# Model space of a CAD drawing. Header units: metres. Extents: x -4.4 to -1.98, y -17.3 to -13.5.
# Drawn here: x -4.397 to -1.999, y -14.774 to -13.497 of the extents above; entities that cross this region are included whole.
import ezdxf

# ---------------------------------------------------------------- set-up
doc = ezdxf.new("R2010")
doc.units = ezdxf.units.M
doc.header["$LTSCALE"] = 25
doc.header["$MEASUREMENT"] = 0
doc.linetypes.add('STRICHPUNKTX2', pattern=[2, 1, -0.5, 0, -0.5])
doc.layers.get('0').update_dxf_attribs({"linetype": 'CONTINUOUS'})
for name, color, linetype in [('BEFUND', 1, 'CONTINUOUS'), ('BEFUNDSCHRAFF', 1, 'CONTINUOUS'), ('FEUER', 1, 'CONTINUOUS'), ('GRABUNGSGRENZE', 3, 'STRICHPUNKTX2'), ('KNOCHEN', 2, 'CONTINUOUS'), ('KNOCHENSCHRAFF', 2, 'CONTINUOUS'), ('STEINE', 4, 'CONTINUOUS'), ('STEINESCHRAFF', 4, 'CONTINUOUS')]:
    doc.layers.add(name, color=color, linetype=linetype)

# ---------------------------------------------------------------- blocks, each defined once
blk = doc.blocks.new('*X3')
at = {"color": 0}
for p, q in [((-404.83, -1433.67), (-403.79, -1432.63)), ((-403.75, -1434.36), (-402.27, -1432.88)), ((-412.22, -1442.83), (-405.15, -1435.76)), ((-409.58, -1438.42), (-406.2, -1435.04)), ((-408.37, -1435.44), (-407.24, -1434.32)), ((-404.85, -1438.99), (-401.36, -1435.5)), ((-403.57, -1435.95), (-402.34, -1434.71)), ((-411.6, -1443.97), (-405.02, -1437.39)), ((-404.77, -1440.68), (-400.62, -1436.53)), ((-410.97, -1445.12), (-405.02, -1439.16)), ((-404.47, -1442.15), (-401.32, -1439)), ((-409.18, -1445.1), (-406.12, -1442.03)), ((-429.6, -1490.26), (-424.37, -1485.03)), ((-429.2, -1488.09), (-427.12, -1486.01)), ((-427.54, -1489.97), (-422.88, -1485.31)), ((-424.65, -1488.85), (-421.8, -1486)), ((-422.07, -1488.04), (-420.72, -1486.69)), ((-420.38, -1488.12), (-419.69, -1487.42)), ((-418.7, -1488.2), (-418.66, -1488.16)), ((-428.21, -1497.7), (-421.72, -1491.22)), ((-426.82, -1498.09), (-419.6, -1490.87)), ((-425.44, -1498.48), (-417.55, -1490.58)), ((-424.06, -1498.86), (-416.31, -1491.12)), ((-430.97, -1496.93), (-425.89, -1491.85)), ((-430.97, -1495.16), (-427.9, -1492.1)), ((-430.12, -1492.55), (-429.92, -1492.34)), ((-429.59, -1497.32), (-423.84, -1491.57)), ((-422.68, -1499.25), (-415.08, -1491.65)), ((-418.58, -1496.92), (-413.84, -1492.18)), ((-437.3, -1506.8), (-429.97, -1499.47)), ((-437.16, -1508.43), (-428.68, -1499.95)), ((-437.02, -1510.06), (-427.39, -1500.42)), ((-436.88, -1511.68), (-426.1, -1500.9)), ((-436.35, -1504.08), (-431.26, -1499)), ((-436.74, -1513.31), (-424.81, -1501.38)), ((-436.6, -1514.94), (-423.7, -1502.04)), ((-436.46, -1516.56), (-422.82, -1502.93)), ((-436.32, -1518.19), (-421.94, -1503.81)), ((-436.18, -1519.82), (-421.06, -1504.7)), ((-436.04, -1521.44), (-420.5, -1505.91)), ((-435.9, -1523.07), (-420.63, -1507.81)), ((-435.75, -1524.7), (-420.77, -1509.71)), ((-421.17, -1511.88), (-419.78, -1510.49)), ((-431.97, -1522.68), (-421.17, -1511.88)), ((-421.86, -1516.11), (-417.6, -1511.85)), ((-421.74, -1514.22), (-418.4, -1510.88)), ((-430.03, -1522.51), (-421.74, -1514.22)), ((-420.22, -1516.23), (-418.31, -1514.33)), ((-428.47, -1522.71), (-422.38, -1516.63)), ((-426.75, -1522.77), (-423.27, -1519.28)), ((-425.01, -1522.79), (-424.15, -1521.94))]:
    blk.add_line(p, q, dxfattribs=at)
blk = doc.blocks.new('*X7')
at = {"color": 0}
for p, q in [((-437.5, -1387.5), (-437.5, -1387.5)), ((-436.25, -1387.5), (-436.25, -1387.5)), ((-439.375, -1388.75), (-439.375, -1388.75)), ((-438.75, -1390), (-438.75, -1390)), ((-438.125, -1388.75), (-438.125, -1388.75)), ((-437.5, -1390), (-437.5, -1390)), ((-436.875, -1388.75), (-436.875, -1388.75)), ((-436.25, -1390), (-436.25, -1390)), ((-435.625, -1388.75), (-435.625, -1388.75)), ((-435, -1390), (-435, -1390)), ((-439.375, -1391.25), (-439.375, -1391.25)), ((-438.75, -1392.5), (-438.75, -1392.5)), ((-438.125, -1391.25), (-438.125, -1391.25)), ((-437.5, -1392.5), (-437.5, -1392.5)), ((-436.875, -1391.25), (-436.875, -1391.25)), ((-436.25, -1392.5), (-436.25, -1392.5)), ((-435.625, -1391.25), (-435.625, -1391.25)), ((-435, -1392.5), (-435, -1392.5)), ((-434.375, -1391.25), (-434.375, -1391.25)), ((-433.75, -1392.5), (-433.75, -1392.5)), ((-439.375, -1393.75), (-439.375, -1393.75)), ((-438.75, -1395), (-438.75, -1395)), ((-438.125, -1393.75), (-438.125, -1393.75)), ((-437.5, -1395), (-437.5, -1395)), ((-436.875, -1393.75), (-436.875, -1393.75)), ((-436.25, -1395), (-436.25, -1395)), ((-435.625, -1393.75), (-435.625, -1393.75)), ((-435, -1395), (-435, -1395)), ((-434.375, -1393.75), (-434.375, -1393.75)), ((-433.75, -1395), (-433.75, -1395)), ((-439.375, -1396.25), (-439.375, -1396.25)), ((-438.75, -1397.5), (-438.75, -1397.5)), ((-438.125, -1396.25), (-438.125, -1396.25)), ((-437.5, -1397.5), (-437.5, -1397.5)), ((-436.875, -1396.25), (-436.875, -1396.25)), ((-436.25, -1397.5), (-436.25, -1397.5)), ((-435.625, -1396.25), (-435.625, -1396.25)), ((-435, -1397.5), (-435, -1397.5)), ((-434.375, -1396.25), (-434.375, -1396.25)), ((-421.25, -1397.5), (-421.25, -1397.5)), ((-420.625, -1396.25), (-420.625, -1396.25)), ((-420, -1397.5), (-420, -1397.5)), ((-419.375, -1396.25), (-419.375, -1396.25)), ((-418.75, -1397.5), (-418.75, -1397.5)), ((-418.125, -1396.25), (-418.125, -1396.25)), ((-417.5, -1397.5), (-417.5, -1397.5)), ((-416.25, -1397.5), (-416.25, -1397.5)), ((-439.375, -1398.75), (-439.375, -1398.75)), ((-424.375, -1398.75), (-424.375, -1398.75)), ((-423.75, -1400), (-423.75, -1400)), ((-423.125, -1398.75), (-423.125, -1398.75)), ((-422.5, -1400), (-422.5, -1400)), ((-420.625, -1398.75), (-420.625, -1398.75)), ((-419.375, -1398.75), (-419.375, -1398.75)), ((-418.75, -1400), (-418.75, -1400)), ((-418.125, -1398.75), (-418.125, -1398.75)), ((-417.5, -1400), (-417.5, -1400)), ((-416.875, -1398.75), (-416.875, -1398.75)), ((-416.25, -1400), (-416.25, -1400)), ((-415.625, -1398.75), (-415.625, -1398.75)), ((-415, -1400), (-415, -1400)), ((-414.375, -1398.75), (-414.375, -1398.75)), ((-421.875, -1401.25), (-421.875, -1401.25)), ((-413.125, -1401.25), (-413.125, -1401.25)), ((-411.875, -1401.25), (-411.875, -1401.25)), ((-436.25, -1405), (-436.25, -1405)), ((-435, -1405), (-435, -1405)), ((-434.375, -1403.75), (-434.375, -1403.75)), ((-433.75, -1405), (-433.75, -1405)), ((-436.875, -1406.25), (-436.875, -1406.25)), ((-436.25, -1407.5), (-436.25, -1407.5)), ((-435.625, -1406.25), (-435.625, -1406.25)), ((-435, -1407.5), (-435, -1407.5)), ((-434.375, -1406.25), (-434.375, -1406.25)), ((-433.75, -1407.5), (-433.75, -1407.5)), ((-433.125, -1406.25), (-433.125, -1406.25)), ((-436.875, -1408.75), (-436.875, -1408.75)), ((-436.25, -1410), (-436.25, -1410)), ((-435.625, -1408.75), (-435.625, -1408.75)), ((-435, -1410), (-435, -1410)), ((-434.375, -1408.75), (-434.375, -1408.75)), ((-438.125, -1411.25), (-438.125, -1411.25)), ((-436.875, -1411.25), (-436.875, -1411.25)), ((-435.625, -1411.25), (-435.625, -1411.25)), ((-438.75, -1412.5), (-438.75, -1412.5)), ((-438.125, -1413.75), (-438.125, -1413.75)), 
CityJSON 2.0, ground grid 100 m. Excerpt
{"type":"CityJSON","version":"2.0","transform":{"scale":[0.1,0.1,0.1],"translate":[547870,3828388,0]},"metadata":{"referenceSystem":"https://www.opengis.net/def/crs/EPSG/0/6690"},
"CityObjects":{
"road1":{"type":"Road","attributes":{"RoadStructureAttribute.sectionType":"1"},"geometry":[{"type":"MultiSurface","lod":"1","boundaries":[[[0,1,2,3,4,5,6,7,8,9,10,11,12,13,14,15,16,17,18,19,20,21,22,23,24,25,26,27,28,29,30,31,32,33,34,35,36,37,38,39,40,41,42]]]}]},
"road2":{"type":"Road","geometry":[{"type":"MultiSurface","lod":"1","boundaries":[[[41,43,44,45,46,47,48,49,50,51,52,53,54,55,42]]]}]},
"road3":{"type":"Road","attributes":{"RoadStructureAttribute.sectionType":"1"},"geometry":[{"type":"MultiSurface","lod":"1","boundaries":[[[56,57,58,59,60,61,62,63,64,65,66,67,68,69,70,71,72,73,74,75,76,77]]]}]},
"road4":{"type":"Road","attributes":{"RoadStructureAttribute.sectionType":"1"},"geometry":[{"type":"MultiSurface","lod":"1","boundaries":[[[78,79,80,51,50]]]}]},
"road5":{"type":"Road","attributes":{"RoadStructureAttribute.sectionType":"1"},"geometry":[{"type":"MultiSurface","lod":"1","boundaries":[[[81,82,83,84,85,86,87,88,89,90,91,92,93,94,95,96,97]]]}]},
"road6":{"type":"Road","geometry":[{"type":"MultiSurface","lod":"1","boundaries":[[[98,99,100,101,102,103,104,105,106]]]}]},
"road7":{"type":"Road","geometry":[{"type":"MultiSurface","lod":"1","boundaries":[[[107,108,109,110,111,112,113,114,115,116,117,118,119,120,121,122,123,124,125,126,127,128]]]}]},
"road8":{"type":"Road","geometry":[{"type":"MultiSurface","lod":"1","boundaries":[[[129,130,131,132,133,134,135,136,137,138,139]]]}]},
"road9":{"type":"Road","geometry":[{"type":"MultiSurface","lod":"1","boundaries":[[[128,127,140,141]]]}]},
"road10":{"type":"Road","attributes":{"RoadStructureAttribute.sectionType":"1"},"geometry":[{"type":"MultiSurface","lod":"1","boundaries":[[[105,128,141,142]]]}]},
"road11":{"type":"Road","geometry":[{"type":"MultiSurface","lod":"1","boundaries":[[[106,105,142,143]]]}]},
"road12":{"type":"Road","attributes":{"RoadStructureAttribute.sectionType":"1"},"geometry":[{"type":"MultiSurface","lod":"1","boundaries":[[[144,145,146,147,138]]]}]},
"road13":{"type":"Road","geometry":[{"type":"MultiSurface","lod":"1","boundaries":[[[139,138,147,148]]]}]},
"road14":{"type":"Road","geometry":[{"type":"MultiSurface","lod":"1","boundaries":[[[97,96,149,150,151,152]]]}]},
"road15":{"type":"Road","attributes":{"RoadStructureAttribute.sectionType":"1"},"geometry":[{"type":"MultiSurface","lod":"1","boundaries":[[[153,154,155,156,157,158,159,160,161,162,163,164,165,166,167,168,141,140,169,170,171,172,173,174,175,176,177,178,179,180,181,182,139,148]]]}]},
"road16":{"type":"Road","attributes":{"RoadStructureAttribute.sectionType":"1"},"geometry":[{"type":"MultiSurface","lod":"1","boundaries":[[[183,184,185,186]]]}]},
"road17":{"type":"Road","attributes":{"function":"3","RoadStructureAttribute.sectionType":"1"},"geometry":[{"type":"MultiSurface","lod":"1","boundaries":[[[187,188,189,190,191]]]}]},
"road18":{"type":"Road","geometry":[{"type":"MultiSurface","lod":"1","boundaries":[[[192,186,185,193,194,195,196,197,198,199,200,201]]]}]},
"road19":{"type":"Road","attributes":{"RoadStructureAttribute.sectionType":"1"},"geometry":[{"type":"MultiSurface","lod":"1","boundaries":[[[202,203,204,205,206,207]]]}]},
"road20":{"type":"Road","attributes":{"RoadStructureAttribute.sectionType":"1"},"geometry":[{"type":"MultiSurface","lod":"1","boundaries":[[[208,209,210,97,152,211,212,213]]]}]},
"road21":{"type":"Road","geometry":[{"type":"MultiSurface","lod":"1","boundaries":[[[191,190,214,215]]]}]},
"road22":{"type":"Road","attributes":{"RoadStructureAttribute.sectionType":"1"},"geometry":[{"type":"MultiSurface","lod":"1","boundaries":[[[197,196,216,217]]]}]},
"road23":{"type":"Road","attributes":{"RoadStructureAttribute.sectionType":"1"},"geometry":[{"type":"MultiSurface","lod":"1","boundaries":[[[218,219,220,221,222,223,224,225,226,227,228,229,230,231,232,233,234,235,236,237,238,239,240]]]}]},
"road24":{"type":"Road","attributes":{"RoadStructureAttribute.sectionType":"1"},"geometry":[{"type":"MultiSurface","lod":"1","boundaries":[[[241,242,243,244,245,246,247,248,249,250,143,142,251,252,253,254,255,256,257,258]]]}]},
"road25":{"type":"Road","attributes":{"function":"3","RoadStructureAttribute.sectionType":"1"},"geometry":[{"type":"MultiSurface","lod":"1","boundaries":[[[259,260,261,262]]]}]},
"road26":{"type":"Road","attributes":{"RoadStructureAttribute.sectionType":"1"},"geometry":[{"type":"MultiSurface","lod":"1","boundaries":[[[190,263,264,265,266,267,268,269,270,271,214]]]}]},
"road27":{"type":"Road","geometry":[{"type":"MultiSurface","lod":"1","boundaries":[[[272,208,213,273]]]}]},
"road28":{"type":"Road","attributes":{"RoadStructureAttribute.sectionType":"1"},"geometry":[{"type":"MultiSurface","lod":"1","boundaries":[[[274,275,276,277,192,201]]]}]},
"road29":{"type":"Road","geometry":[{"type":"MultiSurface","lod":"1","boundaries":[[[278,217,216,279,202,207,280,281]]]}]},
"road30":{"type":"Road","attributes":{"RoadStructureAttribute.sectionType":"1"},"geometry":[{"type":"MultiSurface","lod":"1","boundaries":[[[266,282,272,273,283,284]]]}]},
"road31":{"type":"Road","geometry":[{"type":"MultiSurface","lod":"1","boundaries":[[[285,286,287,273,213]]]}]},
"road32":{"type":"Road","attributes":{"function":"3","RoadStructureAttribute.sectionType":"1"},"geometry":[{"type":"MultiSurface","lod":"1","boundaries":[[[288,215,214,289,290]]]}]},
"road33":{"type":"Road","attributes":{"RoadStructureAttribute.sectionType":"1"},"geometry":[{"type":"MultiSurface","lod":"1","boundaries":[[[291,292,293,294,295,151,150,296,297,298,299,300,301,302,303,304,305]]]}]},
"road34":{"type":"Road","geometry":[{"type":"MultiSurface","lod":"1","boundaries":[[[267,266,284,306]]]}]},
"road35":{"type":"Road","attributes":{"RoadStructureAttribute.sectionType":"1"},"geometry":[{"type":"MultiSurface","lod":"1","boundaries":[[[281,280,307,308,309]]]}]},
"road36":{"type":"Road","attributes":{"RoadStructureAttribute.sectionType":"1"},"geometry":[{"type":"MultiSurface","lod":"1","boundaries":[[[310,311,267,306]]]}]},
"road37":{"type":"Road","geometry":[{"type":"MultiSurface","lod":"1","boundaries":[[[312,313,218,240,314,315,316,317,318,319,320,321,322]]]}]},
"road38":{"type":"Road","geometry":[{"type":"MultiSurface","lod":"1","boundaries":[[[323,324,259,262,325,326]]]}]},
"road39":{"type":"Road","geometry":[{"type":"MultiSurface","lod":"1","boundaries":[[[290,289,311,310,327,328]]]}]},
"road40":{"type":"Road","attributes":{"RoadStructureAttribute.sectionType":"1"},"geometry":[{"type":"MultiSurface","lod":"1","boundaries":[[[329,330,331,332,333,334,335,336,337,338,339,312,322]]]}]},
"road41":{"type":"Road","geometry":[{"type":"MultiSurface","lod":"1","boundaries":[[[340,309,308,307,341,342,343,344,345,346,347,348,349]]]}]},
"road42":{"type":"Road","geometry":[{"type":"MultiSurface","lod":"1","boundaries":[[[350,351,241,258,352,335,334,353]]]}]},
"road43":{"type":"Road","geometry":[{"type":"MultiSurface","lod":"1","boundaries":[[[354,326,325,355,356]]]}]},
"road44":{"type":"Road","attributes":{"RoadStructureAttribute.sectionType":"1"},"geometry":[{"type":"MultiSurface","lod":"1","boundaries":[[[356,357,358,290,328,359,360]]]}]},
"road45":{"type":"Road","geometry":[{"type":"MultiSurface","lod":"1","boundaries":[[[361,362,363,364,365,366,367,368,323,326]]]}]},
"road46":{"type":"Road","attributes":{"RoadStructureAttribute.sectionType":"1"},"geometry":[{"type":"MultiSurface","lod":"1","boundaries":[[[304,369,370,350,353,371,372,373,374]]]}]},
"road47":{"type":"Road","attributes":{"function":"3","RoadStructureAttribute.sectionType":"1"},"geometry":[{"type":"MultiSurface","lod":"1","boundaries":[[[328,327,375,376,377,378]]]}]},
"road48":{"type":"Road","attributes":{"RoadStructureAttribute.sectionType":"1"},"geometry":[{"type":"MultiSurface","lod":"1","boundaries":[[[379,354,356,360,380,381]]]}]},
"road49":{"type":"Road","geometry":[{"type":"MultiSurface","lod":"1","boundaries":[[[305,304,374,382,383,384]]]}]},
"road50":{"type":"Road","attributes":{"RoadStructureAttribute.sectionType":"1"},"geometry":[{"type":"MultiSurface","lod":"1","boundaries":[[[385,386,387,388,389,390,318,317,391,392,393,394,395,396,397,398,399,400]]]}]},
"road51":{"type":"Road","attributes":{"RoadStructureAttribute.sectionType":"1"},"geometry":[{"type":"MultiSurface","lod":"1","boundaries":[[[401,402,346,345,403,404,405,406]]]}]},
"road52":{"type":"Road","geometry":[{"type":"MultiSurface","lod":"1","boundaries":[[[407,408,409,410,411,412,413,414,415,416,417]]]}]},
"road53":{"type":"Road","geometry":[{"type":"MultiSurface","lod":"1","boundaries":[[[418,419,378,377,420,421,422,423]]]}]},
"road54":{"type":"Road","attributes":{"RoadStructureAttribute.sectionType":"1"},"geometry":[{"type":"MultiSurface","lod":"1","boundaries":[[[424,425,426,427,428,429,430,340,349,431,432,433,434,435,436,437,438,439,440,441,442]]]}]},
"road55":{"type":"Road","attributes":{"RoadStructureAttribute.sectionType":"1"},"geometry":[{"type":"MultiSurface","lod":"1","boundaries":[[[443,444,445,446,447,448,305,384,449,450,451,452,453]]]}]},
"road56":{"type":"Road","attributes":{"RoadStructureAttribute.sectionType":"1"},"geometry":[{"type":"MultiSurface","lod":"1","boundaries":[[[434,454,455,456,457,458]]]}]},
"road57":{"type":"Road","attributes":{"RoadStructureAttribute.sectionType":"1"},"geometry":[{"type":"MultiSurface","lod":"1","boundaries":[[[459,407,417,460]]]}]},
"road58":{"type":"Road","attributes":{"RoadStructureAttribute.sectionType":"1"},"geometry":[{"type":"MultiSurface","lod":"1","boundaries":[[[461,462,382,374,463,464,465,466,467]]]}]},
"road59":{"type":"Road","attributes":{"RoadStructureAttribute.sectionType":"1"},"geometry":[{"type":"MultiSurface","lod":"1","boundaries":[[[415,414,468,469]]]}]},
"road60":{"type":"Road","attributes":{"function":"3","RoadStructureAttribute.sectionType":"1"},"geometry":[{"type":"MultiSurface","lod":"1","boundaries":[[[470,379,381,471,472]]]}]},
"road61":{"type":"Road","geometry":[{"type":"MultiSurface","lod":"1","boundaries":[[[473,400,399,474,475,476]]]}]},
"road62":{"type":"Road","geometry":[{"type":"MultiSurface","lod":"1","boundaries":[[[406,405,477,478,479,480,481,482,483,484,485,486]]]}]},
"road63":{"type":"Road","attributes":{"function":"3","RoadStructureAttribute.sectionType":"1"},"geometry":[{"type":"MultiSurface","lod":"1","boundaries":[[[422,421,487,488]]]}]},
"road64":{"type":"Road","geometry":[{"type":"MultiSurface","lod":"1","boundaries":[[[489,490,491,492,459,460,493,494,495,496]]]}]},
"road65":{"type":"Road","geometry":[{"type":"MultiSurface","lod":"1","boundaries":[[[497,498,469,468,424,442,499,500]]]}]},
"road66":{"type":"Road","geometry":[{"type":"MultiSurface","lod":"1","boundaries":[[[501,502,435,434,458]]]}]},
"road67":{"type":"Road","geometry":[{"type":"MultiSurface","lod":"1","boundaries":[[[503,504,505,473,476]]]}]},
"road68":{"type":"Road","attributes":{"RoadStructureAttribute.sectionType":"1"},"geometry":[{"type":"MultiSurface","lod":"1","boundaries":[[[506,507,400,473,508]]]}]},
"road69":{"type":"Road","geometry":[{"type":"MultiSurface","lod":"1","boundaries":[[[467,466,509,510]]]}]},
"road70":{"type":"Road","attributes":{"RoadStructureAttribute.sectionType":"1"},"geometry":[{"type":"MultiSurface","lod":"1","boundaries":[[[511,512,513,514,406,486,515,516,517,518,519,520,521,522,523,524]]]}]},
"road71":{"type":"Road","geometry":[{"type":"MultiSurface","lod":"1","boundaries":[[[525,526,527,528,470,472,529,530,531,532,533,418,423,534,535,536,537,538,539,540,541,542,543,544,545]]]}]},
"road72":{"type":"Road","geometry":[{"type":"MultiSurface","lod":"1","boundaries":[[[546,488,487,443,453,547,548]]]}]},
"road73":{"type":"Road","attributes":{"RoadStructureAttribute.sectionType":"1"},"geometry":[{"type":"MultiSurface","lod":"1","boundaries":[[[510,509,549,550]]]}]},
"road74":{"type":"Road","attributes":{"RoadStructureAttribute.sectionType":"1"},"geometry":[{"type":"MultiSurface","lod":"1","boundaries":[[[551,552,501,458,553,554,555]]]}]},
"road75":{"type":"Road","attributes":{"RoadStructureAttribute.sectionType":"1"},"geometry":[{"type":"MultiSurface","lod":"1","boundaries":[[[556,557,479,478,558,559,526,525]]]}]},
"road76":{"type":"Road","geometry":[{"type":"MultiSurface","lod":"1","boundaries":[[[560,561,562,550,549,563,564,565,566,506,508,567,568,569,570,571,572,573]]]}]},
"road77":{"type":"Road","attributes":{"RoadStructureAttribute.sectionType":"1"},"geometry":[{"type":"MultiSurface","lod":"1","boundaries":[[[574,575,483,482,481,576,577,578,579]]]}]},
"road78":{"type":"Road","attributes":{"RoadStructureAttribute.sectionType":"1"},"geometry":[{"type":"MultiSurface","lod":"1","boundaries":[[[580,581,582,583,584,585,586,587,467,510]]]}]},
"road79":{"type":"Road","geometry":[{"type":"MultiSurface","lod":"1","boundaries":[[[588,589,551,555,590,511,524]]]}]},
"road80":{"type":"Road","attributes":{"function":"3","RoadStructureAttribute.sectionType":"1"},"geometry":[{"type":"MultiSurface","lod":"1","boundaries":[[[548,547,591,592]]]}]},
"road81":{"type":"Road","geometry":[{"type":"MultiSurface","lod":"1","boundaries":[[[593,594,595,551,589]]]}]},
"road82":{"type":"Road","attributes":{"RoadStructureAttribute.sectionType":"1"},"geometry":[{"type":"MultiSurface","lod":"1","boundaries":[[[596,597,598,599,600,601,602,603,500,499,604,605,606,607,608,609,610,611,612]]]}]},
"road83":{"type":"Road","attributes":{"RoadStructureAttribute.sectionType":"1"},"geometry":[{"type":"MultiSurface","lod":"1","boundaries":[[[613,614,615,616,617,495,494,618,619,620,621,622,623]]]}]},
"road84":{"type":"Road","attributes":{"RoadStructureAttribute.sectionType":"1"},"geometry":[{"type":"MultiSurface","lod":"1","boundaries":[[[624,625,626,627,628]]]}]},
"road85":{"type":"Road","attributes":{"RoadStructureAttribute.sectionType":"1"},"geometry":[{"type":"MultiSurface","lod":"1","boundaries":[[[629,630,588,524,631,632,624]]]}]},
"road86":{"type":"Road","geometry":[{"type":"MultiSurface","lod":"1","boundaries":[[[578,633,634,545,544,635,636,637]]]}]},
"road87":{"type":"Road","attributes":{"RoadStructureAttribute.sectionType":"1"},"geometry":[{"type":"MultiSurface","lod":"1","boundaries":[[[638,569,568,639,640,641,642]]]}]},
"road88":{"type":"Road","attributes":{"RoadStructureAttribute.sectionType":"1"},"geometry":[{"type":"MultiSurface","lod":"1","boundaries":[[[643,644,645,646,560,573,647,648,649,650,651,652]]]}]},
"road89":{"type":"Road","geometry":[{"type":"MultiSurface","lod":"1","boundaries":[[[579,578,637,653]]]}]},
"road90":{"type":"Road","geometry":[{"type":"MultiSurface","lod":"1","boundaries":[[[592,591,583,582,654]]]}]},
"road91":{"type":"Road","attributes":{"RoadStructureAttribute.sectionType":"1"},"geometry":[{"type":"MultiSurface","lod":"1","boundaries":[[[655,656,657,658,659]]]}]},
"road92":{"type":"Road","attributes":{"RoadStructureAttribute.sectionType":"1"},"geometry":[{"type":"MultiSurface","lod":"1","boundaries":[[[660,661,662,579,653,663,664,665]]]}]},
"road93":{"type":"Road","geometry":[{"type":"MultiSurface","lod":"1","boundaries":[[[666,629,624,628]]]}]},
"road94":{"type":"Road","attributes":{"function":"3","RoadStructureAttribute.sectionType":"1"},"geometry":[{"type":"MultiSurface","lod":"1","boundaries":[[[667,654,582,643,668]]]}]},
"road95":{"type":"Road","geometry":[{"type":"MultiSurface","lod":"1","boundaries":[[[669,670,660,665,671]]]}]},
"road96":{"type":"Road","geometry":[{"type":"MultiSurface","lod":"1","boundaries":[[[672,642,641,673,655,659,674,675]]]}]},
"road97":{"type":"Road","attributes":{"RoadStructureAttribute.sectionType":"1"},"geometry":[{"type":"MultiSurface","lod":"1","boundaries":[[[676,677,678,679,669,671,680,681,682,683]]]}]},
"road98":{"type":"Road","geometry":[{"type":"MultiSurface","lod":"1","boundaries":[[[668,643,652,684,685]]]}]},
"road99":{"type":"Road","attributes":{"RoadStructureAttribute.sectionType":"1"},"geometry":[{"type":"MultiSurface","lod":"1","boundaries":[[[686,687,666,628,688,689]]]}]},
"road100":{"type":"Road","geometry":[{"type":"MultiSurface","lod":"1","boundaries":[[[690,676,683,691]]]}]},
+ + + +
Task to complete ::
Find the string "CityJSON" in the listing and return every line that holds it.

Task output ::
CityJSON 2.0, ground grid 100 m. Excerpt
{"type":"CityJSON","version":"2.0","transform":{"scale":[0.1,0.1,0.1],"translate":[547870,3828388,0]},"metadata":{"referenceSystem":"https://www.opengis.net/def/crs/EPSG/0/6690"},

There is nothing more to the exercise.